In the morning—unless you’re a midnight snacker (which, fair)—your teeth are still pretty clean, since they haven’t really been used. Brushing in the morning is an important part of a good dental care routine, but it’s mostly about clearing away bad breath and getting rid of any plaque you missed the night before.
(Bonus tip: if you opt for breakfast foods and drinks that are particularly acidic—think, citrus or orange juice, tomatoes, coffee, etc—avoid brushing for at least 30 minutes afterwards. The bristles in your toothbrush can actually spread the acid from these foods over your teeth, weakening your tooth enamel.)
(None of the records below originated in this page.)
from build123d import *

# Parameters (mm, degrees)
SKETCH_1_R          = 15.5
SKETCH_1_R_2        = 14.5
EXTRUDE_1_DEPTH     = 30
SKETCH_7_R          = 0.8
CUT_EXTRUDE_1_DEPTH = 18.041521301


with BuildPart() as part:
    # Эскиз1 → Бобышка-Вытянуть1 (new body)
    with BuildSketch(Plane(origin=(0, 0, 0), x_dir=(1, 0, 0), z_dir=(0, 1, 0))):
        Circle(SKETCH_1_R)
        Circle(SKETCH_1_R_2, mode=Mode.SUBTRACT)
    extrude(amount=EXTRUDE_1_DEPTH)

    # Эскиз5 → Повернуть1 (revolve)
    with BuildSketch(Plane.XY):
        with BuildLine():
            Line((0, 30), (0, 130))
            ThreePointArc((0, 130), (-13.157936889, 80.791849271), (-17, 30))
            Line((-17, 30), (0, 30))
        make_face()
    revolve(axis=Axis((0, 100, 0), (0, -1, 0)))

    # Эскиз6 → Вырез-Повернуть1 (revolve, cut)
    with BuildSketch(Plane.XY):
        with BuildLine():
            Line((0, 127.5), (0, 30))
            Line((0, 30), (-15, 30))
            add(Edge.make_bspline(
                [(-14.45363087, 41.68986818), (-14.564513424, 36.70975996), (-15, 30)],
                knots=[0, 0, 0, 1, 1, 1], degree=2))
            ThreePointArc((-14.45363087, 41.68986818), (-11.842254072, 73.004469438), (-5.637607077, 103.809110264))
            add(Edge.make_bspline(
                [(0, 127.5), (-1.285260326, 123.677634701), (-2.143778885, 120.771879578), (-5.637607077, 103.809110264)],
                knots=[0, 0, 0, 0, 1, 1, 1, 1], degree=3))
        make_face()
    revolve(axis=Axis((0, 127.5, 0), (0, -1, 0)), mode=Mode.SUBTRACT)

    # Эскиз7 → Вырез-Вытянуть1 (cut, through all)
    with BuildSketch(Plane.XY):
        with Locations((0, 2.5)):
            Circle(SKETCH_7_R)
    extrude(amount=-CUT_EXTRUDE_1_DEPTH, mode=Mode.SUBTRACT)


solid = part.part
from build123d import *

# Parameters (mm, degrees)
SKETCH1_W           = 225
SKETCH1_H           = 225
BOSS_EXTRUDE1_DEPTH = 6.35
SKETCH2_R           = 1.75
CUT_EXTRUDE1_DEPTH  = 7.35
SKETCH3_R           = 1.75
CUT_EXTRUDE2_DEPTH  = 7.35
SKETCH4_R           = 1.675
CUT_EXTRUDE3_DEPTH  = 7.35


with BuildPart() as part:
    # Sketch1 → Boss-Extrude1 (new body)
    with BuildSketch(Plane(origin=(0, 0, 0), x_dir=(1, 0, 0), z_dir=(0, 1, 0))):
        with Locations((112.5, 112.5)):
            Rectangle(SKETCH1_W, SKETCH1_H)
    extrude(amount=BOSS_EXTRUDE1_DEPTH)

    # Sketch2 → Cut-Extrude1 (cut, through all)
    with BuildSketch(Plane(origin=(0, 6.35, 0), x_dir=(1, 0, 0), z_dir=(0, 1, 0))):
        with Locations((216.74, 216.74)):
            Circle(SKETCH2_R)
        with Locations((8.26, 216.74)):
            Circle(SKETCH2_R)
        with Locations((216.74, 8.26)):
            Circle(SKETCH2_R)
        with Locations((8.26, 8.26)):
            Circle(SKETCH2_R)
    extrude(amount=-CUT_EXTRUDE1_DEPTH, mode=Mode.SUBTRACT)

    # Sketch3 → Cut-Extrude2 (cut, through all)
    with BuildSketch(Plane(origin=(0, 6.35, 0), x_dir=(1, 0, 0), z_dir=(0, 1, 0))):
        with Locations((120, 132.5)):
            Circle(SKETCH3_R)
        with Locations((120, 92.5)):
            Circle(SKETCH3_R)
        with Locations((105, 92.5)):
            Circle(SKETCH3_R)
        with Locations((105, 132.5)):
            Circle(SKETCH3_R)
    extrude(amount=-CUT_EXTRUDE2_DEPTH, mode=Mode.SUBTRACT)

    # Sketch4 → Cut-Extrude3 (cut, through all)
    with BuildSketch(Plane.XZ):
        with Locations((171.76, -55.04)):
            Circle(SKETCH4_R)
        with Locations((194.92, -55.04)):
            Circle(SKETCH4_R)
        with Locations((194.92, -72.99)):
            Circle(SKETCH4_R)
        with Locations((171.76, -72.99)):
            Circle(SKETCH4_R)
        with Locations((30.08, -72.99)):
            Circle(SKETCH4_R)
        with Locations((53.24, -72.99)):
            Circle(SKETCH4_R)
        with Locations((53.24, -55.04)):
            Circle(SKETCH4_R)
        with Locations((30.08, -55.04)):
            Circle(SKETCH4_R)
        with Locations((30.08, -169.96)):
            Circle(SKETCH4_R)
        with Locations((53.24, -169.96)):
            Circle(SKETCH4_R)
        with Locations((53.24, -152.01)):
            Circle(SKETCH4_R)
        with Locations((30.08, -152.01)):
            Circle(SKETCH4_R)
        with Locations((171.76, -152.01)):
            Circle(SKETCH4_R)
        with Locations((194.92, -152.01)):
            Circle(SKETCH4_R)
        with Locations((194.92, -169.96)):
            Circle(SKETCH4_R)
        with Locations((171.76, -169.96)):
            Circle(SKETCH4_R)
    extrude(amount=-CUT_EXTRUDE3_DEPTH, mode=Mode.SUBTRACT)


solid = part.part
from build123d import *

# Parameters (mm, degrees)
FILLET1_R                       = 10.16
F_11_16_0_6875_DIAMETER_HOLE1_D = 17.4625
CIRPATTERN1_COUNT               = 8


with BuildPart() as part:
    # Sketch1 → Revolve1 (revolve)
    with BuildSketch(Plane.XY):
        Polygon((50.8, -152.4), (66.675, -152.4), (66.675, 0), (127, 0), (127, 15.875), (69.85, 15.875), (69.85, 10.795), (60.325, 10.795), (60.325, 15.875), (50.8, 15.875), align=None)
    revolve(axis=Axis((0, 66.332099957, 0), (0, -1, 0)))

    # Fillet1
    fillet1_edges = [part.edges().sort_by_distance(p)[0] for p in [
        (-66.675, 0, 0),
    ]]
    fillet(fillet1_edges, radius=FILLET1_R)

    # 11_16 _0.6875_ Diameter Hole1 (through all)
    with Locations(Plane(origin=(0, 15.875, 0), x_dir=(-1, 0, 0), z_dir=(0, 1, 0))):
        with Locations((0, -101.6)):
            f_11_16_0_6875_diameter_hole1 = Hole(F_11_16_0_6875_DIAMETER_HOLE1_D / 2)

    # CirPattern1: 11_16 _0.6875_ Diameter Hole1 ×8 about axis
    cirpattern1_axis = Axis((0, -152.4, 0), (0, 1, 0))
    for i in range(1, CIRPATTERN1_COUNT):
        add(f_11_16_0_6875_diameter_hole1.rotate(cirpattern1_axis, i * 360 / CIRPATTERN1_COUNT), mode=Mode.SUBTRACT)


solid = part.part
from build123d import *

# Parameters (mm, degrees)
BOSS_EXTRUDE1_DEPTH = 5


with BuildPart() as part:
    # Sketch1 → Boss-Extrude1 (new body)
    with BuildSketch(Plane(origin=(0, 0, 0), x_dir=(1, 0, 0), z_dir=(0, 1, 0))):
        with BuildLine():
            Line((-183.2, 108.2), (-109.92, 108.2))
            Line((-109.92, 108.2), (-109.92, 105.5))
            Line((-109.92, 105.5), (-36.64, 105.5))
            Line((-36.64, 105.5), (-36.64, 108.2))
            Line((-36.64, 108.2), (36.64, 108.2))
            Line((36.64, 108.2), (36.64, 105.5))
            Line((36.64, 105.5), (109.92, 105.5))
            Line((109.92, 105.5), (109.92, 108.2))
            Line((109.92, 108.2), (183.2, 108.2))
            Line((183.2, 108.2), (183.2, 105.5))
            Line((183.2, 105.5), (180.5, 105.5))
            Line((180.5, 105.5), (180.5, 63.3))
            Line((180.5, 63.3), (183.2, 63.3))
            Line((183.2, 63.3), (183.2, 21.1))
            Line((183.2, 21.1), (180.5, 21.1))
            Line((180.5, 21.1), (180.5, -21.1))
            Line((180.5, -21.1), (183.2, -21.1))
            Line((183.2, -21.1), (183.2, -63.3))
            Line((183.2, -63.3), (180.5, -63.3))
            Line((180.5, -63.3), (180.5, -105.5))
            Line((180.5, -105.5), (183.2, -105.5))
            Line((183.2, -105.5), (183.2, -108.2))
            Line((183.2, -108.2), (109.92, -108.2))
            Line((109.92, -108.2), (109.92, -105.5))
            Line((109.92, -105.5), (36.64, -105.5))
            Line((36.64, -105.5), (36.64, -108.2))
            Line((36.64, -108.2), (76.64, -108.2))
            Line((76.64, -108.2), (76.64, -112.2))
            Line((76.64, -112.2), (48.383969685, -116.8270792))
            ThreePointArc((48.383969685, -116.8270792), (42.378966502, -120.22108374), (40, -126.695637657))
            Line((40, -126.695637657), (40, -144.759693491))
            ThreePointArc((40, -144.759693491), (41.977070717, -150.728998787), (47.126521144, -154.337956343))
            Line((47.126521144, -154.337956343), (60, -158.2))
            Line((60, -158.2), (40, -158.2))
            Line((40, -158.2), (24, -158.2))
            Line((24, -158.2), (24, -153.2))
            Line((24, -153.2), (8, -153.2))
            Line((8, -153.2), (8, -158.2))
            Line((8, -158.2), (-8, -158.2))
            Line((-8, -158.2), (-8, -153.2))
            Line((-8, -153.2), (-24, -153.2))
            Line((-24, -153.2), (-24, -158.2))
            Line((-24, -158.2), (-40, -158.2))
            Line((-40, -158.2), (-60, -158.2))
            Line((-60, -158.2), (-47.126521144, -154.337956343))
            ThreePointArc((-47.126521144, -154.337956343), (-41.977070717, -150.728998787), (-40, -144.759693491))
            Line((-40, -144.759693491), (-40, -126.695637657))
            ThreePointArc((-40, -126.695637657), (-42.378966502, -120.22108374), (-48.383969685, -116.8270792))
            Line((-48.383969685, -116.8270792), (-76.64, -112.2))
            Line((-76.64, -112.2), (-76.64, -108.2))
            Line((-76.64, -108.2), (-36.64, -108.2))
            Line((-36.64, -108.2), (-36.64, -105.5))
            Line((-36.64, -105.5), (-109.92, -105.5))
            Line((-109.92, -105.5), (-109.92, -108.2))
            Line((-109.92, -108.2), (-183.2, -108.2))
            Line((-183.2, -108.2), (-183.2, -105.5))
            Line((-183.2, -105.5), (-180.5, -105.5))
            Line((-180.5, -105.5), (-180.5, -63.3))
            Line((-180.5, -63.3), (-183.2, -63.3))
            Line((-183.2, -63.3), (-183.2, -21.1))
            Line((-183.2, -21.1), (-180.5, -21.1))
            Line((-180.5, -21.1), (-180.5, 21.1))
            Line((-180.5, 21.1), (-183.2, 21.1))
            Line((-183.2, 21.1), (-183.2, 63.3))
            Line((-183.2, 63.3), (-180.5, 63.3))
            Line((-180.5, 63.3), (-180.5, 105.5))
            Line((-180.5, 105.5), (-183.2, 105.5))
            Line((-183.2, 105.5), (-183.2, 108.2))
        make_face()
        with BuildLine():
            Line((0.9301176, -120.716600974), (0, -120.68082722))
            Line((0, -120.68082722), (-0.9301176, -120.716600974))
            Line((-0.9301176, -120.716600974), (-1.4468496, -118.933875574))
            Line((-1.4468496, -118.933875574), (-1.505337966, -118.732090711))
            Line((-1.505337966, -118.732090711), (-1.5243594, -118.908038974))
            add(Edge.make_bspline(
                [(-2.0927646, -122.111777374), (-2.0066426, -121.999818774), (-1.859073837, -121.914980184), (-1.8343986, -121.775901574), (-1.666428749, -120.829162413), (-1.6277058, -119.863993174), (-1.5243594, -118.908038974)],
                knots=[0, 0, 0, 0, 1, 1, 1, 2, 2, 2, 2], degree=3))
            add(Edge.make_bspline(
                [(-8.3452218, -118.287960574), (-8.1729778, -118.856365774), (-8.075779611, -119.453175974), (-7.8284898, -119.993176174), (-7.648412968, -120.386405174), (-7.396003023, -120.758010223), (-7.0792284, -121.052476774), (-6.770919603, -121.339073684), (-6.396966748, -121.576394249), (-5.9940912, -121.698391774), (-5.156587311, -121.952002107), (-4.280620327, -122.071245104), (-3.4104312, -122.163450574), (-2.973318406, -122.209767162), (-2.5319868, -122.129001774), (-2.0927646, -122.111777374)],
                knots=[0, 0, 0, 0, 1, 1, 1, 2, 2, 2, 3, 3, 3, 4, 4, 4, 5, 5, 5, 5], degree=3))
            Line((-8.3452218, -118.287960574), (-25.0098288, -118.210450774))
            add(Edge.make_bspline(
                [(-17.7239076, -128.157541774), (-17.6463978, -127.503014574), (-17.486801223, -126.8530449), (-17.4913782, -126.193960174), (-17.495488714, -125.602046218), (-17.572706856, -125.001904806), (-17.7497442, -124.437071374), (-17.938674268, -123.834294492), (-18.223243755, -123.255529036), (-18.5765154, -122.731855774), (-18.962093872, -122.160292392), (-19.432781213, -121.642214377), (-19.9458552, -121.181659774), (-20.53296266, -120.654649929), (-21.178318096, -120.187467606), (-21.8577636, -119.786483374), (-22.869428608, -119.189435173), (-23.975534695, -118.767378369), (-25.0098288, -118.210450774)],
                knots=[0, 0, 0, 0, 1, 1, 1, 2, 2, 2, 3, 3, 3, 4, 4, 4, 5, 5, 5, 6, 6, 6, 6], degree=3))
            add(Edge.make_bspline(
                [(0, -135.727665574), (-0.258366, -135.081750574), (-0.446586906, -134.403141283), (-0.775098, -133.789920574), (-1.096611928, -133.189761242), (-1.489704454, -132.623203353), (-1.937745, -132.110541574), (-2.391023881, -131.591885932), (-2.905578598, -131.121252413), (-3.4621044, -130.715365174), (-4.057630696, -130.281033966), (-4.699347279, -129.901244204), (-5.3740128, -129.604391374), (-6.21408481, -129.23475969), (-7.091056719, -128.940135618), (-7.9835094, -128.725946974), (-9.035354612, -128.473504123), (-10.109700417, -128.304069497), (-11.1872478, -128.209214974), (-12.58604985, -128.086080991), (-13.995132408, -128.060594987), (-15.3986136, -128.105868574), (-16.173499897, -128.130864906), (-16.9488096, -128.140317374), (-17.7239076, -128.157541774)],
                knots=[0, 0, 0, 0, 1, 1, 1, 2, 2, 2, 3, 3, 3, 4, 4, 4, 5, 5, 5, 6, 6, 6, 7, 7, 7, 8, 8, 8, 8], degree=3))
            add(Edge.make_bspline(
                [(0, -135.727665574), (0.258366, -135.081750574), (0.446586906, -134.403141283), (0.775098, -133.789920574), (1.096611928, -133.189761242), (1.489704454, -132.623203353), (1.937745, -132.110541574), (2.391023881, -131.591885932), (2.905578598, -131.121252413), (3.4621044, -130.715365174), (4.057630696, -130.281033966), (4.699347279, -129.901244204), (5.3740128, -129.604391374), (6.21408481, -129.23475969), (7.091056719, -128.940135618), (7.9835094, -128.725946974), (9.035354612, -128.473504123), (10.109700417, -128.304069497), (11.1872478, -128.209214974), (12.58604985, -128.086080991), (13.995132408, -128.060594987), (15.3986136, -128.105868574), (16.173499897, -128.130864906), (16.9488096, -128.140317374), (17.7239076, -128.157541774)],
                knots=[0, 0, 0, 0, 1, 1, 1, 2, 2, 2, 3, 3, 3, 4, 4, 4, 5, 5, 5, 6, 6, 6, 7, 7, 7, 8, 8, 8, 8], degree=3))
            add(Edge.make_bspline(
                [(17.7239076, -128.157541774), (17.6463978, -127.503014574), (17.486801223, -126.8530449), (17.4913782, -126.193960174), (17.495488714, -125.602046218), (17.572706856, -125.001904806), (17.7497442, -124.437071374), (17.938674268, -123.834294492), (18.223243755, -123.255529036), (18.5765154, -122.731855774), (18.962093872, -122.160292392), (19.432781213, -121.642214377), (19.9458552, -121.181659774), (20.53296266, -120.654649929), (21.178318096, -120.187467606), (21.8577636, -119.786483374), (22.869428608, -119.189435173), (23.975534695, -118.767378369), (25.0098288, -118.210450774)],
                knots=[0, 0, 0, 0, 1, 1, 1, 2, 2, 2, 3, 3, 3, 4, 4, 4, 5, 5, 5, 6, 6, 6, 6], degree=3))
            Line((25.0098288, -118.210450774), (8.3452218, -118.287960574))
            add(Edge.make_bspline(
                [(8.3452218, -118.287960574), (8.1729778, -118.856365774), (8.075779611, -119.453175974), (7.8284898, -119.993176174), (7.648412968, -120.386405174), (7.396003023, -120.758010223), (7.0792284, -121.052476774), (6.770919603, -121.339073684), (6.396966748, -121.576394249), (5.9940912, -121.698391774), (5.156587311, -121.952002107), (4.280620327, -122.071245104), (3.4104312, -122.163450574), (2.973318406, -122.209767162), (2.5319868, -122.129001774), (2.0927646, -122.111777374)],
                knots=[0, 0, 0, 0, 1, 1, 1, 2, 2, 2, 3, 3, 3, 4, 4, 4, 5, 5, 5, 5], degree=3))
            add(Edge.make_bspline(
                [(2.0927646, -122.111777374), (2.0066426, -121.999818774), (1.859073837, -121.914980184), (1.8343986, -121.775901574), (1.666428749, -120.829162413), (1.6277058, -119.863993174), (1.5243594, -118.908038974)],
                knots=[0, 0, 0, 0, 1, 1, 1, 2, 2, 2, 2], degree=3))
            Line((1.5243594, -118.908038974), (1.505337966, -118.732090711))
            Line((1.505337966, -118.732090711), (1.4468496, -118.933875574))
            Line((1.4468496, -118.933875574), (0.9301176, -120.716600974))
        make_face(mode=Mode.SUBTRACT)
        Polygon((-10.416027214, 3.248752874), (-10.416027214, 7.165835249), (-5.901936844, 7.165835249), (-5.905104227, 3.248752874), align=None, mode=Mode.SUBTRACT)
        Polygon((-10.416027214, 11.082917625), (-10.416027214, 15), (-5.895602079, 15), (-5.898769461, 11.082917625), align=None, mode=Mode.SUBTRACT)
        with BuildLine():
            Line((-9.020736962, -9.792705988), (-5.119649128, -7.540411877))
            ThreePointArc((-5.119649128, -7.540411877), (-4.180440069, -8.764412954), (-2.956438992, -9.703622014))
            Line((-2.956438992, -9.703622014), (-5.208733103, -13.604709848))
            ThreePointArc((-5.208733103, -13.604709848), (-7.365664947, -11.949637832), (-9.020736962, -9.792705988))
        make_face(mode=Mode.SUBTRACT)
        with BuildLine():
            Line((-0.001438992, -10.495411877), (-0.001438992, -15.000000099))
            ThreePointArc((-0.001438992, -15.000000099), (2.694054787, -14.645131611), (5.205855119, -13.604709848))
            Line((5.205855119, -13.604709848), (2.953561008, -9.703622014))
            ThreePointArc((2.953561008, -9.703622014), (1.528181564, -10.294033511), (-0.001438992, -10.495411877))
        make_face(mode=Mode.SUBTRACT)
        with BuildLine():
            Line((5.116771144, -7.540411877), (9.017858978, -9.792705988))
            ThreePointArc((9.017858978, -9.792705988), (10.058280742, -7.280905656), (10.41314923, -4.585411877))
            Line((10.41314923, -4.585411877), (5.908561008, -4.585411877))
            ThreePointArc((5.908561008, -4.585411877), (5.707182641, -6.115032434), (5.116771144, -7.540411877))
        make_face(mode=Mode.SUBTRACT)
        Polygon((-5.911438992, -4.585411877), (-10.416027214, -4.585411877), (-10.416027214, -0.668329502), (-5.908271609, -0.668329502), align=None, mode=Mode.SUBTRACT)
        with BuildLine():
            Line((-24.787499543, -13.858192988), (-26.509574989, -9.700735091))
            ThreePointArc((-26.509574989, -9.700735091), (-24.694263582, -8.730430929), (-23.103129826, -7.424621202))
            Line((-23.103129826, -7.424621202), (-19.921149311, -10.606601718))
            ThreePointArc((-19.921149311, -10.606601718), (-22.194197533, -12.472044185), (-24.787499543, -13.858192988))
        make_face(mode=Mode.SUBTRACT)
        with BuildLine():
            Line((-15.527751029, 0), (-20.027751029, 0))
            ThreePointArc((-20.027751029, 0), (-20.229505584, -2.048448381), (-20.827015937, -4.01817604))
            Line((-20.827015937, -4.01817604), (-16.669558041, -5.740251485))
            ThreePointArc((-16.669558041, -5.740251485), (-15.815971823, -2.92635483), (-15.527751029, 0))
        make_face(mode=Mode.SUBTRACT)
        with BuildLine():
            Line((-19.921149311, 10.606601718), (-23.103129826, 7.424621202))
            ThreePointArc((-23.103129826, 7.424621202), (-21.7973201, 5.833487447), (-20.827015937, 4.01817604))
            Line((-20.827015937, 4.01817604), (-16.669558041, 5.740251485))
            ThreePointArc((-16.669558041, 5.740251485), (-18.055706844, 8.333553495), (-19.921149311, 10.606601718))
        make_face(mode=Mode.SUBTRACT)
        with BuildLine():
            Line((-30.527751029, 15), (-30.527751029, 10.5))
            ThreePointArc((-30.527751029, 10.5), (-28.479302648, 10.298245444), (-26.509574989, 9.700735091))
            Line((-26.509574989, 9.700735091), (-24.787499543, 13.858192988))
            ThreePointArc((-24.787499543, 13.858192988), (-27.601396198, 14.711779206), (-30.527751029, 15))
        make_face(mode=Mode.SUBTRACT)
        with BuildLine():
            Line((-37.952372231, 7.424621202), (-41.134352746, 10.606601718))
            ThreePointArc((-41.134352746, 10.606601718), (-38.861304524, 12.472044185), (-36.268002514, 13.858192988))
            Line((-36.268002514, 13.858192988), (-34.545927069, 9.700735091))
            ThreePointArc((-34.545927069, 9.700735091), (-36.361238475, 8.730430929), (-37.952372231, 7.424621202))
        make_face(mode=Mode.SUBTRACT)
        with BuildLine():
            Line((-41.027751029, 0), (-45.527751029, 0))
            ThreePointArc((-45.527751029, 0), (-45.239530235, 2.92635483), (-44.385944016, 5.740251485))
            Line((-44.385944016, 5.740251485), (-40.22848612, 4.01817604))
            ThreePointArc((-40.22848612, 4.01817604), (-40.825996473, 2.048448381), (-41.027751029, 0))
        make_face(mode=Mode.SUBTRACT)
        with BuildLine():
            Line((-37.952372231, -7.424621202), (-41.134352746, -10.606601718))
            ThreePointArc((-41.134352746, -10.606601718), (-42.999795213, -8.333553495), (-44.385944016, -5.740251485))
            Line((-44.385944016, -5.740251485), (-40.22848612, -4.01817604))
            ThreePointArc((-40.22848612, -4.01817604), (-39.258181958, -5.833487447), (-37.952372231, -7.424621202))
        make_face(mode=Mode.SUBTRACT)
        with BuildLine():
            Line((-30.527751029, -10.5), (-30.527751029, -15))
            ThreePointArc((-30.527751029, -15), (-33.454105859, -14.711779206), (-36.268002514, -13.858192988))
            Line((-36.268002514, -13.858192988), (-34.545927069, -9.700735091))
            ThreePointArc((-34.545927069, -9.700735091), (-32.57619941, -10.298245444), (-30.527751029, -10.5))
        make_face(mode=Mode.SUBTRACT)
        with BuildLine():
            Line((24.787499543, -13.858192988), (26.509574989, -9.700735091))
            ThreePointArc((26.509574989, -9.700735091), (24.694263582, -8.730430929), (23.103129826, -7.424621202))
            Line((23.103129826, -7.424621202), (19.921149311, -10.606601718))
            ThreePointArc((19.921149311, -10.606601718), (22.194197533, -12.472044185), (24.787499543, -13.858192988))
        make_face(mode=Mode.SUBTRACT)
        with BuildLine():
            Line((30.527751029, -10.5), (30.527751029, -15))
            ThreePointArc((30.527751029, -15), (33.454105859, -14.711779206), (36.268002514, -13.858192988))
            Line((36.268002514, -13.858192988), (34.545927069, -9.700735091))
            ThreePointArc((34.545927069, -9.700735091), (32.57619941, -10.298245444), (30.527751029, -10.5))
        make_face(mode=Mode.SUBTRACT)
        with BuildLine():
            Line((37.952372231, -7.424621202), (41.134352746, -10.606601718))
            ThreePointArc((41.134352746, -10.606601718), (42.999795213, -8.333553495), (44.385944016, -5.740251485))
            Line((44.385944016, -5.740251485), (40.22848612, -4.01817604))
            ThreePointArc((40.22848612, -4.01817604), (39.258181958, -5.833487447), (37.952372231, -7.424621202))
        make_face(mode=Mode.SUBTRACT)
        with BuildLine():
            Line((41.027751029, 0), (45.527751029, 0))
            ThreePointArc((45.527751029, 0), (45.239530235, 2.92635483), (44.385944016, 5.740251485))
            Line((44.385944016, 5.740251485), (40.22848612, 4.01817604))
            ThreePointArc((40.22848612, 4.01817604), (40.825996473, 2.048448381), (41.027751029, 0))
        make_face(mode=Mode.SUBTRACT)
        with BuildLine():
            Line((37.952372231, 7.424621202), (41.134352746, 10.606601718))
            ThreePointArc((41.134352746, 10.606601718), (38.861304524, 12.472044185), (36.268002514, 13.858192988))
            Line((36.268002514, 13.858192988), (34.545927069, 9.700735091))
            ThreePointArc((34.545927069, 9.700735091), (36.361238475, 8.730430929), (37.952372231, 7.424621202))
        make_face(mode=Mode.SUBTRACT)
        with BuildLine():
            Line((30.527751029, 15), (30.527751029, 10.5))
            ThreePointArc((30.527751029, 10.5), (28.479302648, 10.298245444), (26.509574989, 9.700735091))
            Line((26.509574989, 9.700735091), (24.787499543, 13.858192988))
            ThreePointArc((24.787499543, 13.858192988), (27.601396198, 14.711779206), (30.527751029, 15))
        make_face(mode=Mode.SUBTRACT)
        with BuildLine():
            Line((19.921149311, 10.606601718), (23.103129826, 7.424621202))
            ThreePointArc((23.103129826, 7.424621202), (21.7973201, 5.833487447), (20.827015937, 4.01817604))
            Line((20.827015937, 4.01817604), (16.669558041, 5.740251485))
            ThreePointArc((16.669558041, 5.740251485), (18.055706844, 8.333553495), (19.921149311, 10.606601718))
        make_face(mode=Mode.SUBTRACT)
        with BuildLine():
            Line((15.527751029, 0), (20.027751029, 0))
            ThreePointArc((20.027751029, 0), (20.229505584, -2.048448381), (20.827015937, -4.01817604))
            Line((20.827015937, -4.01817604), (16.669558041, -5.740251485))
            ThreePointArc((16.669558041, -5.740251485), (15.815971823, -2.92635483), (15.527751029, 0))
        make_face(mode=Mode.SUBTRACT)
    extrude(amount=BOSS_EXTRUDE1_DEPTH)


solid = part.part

Still, all that said, Dr. Schlenoff definitely does not recommend skipping your morning brush. Long-term it will affect your oral health, and short-term people may “stand a little further away from you.” (Let’s be real: fresh breath > morning breath.) But let’s say you’re a parent negotiating with a particularly brushing-averse kid: if you have to give up something at the bargaining table (just once), now you know what to do.